Aim of the exercise:
Below are the entries. Set down exactly the line containing "extrude(amount=BOSS_EXTRUDE1_DEPTH)" and each line after it.

Data to use:
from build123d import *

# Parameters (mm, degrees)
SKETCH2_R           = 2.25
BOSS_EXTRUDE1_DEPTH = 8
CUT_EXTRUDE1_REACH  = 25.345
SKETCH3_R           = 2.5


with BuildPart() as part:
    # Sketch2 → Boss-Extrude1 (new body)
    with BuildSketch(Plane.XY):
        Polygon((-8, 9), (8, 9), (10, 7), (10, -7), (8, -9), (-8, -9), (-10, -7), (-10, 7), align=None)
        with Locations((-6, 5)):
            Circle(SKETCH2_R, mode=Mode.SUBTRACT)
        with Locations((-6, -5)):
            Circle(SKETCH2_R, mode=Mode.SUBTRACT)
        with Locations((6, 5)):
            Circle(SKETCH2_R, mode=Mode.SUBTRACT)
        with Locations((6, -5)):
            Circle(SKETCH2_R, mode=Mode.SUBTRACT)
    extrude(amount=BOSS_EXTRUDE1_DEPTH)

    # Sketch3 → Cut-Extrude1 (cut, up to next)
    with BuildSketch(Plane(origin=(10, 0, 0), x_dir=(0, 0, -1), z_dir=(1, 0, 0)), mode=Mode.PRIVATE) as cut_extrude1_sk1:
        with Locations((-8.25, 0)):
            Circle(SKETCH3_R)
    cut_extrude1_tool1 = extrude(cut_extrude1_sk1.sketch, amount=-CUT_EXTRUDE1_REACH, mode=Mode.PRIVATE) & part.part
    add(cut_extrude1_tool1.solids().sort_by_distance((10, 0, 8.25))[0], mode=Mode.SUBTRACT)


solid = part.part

Solved problem:
    extrude(amount=BOSS_EXTRUDE1_DEPTH)

    # Sketch3 → Cut-Extrude1 (cut, up to next)
    with BuildSketch(Plane(origin=(10, 0, 0), x_dir=(0, 0, -1), z_dir=(1, 0, 0)), mode=Mode.PRIVATE) as cut_extrude1_sk1:
        with Locations((-8.25, 0)):
            Circle(SKETCH3_R)
    cut_extrude1_tool1 = extrude(cut_extrude1_sk1.sketch, amount=-CUT_EXTRUDE1_REACH, mode=Mode.PRIVATE) & part.part
    add(cut_extrude1_tool1.solids().sort_by_distance((10, 0, 8.25))[0], mode=Mode.SUBTRACT)


solid = part.part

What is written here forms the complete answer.